But the people Harley Bear is referring to aren't benefit cheats - they are claiming perfectly legally.


----------



## suzy93074 (Sep 3, 2008)

rocco33 said:


> But the people Harley Bear is referring to aren't benefit cheats - they are claiming perfectly legally.


Exactly! - hence the system is corrupt and been abused !


----------



## JANICE199 (Feb 1, 2008)

suzy93074 said:


> I have never said I want to get rid of the system actually - I have said that the system is corrupt and needs changing - change does not mean to get rid.
> 
> I can have an opinion on anything I like - regardless of if I know the FULL facts - I doubt ANYONE actually knows the full facts of anything - unless you are in a position to do so - including you! - although to hear you talk you have the keys to all the admin/stats/figures for the whole country  you seem to love being judge and juror in fact it seems like you could be a likely candidate to run the country single handed
> 
> ...


*If we are honest Suzy i don't even think the powers that be know the full facts.If they did,and if they gave a damn they would sort this mess out.
It not just what they are doing to the benefit system that pees my off,but i haven't seen any good come from them yet.And they have had over 2 years to make some sort of difference.*


----------



## suzy93074 (Sep 3, 2008)

JANICE199 said:


> *If we are honest Suzy i don't even think the powers that be know the full facts.If they did,and if they gave a damn they would sort this mess out.
> It not just what they are doing to the benefit system that pees my off,but i haven't seen any good come from them yet.And they have had over 2 years to make some sort of difference.*


Exactly Jan! Ive always said we need a peoples party! - savvy business people who have lived in the real world and know how it really works!


----------



## JANICE199 (Feb 1, 2008)

suzy93074 said:


> Exactly Jan! Ive always said we need a peoples party! - savvy business people who have lived in the real world and know how it really works!


*Hey suzy, i'm a scrooge when it comes to parting with money.But! when i do its worth it.
Perhaps a few of us could make a party of our own.Well as long as i can be prime minister.*


----------



## JANICE199 (Feb 1, 2008)

Leon55ia said:


> I think last week proved it with what one of them said they do think we are just a load of plebs


*I think his comment was aimed at the policeman on the gate,not the public.*


----------



## DoodlesRule (Jul 7, 2011)

suzy93074 said:


> Exactly Jan! Ive always said we need a peoples party! - savvy business people who have lived in the real world and know how it really works!

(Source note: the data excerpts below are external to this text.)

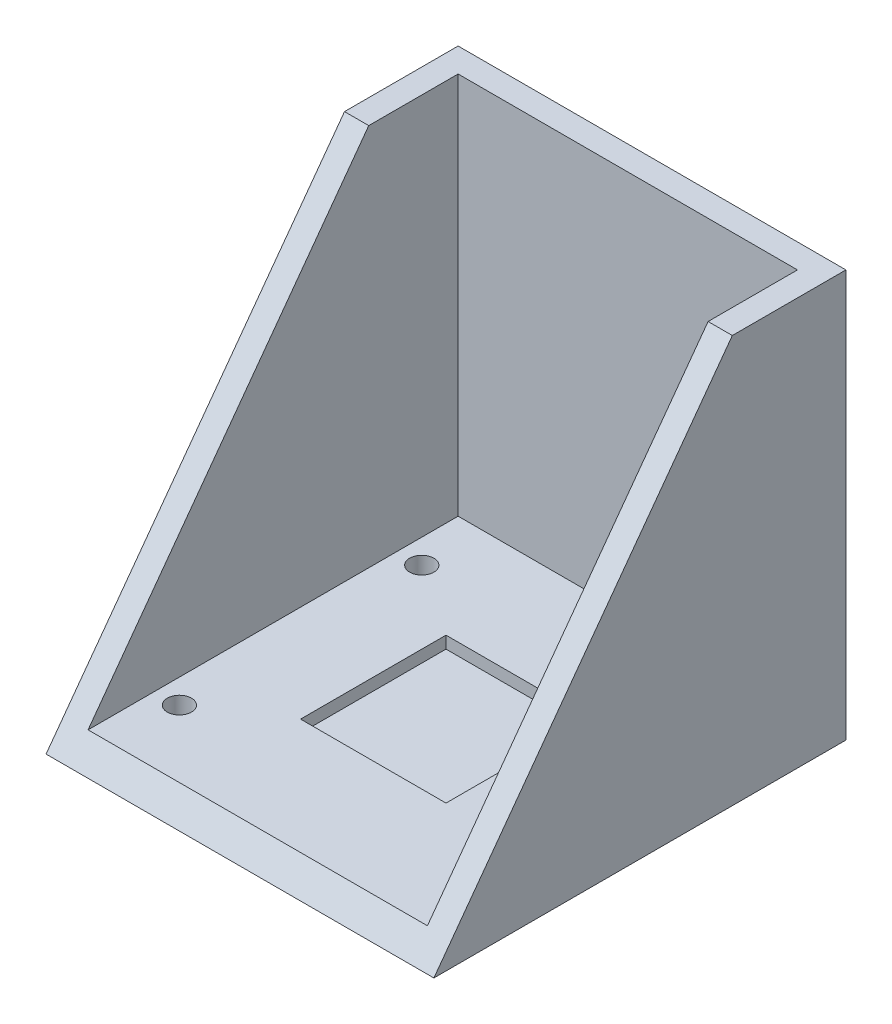
ISO-10303-21;
HEADER;
FILE_DESCRIPTION(('STEP AP214'),'2;1');
FILE_NAME('part.step','',(''),(''),'','','');
FILE_SCHEMA(('AUTOMOTIVE_DESIGN { 1 0 10303 214 1 1 1 1 }'));
ENDSEC;
DATA;
#1=APPLICATION_CONTEXT('core data for automotive mechanical design processes');
#2=APPLICATION_PROTOCOL_DEFINITION('international standard','automotive_design',2000,#1);
#3=PRODUCT_CONTEXT('',#1,'mechanical');
#4=PRODUCT('Part','Part','',(#3));
#5=PRODUCT_RELATED_PRODUCT_CATEGORY('part','',(#4));
#6=PRODUCT_DEFINITION_FORMATION('','',#4);
#7=PRODUCT_DEFINITION_CONTEXT('part definition',#1,'design');
#8=PRODUCT_DEFINITION('design','',#6,#7);
#9=PRODUCT_DEFINITION_SHAPE('','',#8);
#10=(LENGTH_UNIT() NAMED_UNIT(*) SI_UNIT(.MILLI.,.METRE.));
#11=(NAMED_UNIT(*) PLANE_ANGLE_UNIT() SI_UNIT($,.RADIAN.));
#12=(NAMED_UNIT(*) SI_UNIT($,.STERADIAN.) SOLID_ANGLE_UNIT());
#13=UNCERTAINTY_MEASURE_WITH_UNIT(LENGTH_MEASURE(1.E-05),#10,'distance_accuracy_value','');
#14=(GEOMETRIC_REPRESENTATION_CONTEXT(3) GLOBAL_UNCERTAINTY_ASSIGNED_CONTEXT((#13)) GLOBAL_UNIT_ASSIGNED_CONTEXT((#10,
#11,#12)) REPRESENTATION_CONTEXT('',''));
#15=CARTESIAN_POINT('',(0.,0.,0.));
#16=DIRECTION('',(0.,0.,1.));
#17=DIRECTION('',(1.,0.,0.));
#18=AXIS2_PLACEMENT_3D('',#15,#16,#17);
#19=CARTESIAN_POINT('',(0.,213.36,0.));
#20=DIRECTION('',(0.,-1.,0.));
#21=DIRECTION('',(0.,0.,-1.));
#22=AXIS2_PLACEMENT_3D('',#19,#20,#21);
#23=PLANE('',#22);
#24=DIRECTION('',(0.,0.,1.));
#25=VECTOR('',#24,1.);
#26=CARTESIAN_POINT('',(-101.6,213.36,107.95));
#27=LINE('',#26,#25);
#28=CARTESIAN_POINT('',(-101.6,213.36,-107.95));
#29=VERTEX_POINT('',#28);
#30=CARTESIAN_POINT('',(-101.6,213.36,-48.4218480796323));
#31=VERTEX_POINT('',#30);
#32=EDGE_CURVE('E151',#29,#31,#27,.T.);
#33=ORIENTED_EDGE('',*,*,#32,.T.);
#34=DIRECTION('',(1.,0.,0.));
#35=VECTOR('',#34,1.);
#36=CARTESIAN_POINT('',(-101.6,213.36,-48.4218480796323));
#37=LINE('',#36,#35);
#38=CARTESIAN_POINT('',(-88.8999999999999,213.36,-48.4218480796323));
#39=VERTEX_POINT('',#38);
#40=EDGE_CURVE('E125',#31,#39,#37,.T.);
#41=ORIENTED_EDGE('',*,*,#40,.T.);
#42=DIRECTION('',(0.,0.,1.));
#43=VECTOR('',#42,1.);
#44=CARTESIAN_POINT('',(-88.8999999999999,213.36,0.));
#45=LINE('',#44,#43);
#46=CARTESIAN_POINT('',(-88.8999999999999,213.36,-95.25));
#47=VERTEX_POINT('',#46);
#48=EDGE_CURVE('E167',#47,#39,#45,.T.);
#49=ORIENTED_EDGE('',*,*,#48,.F.);
#50=DIRECTION('',(-1.,0.,0.));
#51=VECTOR('',#50,1.);
#52=CARTESIAN_POINT('',(0.,213.36,-95.25));
#53=LINE('',#52,#51);
#54=CARTESIAN_POINT('',(88.9,213.36,-95.25));
#55=VERTEX_POINT('',#54);
#56=EDGE_CURVE('E170',#55,#47,#53,.T.);
#57=ORIENTED_EDGE('',*,*,#56,.F.);
#58=DIRECTION('',(0.,0.,-1.));
#59=VECTOR('',#58,1.);
#60=CARTESIAN_POINT('',(88.9,213.36,0.));
#61=LINE('',#60,#59);
#62=CARTESIAN_POINT('',(88.9,213.36,-48.4218480796323));
#63=VERTEX_POINT('',#62);
#64=EDGE_CURVE('E173',#63,#55,#61,.T.);
#65=ORIENTED_EDGE('',*,*,#64,.F.);
#66=CARTESIAN_POINT('',(101.6,213.36,-48.4218480796323));
#67=VERTEX_POINT('',#66);
#68=EDGE_CURVE('E129',#63,#67,#37,.T.);
#69=ORIENTED_EDGE('',*,*,#68,.T.);
#70=DIRECTION('',(0.,0.,-1.));
#71=VECTOR('',#70,1.);
#72=CARTESIAN_POINT('',(101.6,213.36,107.95));
#73=LINE('',#72,#71);
#74=CARTESIAN_POINT('',(101.6,213.36,-107.95));
#75=VERTEX_POINT('',#74);
#76=EDGE_CURVE('E145',#67,#75,#73,.T.);
#77=ORIENTED_EDGE('',*,*,#76,.T.);
#78=DIRECTION('',(-1.,0.,0.));
#79=VECTOR('',#78,1.);
#80=CARTESIAN_POINT('',(-101.6,213.36,-107.95));
#81=LINE('',#80,#79);
#82=EDGE_CURVE('E147',#75,#29,#81,.T.);
#83=ORIENTED_EDGE('',*,*,#82,.T.);
#84=EDGE_LOOP('',(#33,#41,#49,#57,#65,#69,#77,#83));
#85=FACE_BOUND('',#84,.T.);
#86=ADVANCED_FACE('F32',(#85),#23,.F.);
#87=CARTESIAN_POINT('',(101.6,213.36,107.95));
#88=DIRECTION('',(-1.,0.,0.));
#89=DIRECTION('',(0.,0.,1.));
#90=AXIS2_PLACEMENT_3D('',#87,#88,#89);
#91=PLANE('',#90);
#92=ORIENTED_EDGE('',*,*,#76,.F.);
#93=DIRECTION('',(0.,0.806571091671892,-0.591137102607519));
#94=VECTOR('',#93,1.);
#95=CARTESIAN_POINT('',(101.6,213.36,-48.4218480796323));
#96=LINE('',#95,#94);
#97=CARTESIAN_POINT('',(101.6,0.,107.95));
#98=VERTEX_POINT('',#97);
#99=EDGE_CURVE('E130',#98,#67,#96,.T.);
#100=ORIENTED_EDGE('',*,*,#99,.F.);
#101=DIRECTION('',(0.,0.,-1.));
#102=VECTOR('',#101,1.);
#103=CARTESIAN_POINT('',(101.6,0.,107.95));
#104=LINE('',#103,#102);
#105=CARTESIAN_POINT('',(101.6,0.,-107.95));
#106=VERTEX_POINT('',#105);
#107=EDGE_CURVE('E144',#98,#106,#104,.T.);
#108=ORIENTED_EDGE('',*,*,#107,.T.);
#109=DIRECTION('',(0.,-1.,0.));
#110=VECTOR('',#109,1.);
#111=CARTESIAN_POINT('',(101.6,213.36,-107.95));
#112=LINE('',#111,#110);
#113=EDGE_CURVE('E40',#75,#106,#112,.T.);
#114=ORIENTED_EDGE('',*,*,#113,.F.);
#115=EDGE_LOOP('',(#92,#100,#108,#114));
#116=FACE_BOUND('',#115,.T.);
#117=ADVANCED_FACE('F34',(#116),#91,.F.);
#118=CARTESIAN_POINT('',(-101.6,213.36,-107.95));
#119=DIRECTION('',(0.,0.,1.));
#120=DIRECTION('',(1.,0.,0.));
#121=AXIS2_PLACEMENT_3D('',#118,#119,#120);
#122=PLANE('',#121);
#123=DIRECTION('',(-1.,0.,0.));
#124=VECTOR('',#123,1.);
#125=CARTESIAN_POINT('',(-101.6,0.,-107.95));
#126=LINE('',#125,#124);
#127=CARTESIAN_POINT('',(-101.6,0.,-107.95));
#128=VERTEX_POINT('',#127);
#129=EDGE_CURVE('E139',#106,#128,#126,.T.);
#130=ORIENTED_EDGE('',*,*,#129,.T.);
#131=DIRECTION('',(0.,-1.,0.));
#132=VECTOR('',#131,1.);
#133=CARTESIAN_POINT('',(-101.6,213.36,-107.95));
#134=LINE('',#133,#132);
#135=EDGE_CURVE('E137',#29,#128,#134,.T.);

That is exactly the issue, the reason there is no difference between any of the bunch & why they are all as bad as each other, its because they are career politicians - they go into politics for whats in it for them not what they can do for the country. Very few have lived in the real world, worked, or ran a business


----------



## JANICE199 (Feb 1, 2008)

DoodlesRule said:


> That is exactly the issue, the reason there is no difference between any of the bunch & why they are all as bad as each other, its because they are career politicians - they go into politics for whats in it for them not what they can do for the country. Very few have lived in the real world, worked, or ran a business


*And how quick they conveniently forget they are supposed to be working for us.
I think they should take a good look at having referendums for the important things,that concern this country.*


----------



## skip (Sep 25, 2011)

JANICE199 said:


> *Hey suzy, i'm a scrooge when it comes to parting with money.But! when i do its worth it.
> Perhaps a few of us could make a party of our own.Well as long as i can be prime minister.*


come on then when are you going to start your campaign :001_tt2:R and whats the party going to be called


----------



## DoodlesRule (Jul 7, 2011)

JANICE199 said:


> *And how quick they conveniently forget they are supposed to be working for us.
> I think they should take a good look at having referendums for the important things,that concern this country.*


Hence no referendum on Europe - if there was odds are we would be out, where would they all go out to graze then!


----------



## Firedog (Oct 19, 2011)

The problem i can see is that years ago when there was loads of jobs people were being allowed to sit around on benefits.Now there are few jobs to be had they are bullying and cutting benefits for people that can't find work despite applying for loads of jobs and making people that genuinely ill deemed fit for work and then cutting their benefits because they can't find a job.Who really wants too employ someone that is unlikely too turn up for work 3 days a week?


----------



## Goblin (Jun 21, 2011)

JANICE199 said:


> *And how quick they conveniently forget they are supposed to be working for us.
> I think they should take a good look at having referendums for the important things,that concern this country.*


Great idea... have people who often do not have a clue and will not actually research anything decide things 

Isn't that what the UK Independence Party want?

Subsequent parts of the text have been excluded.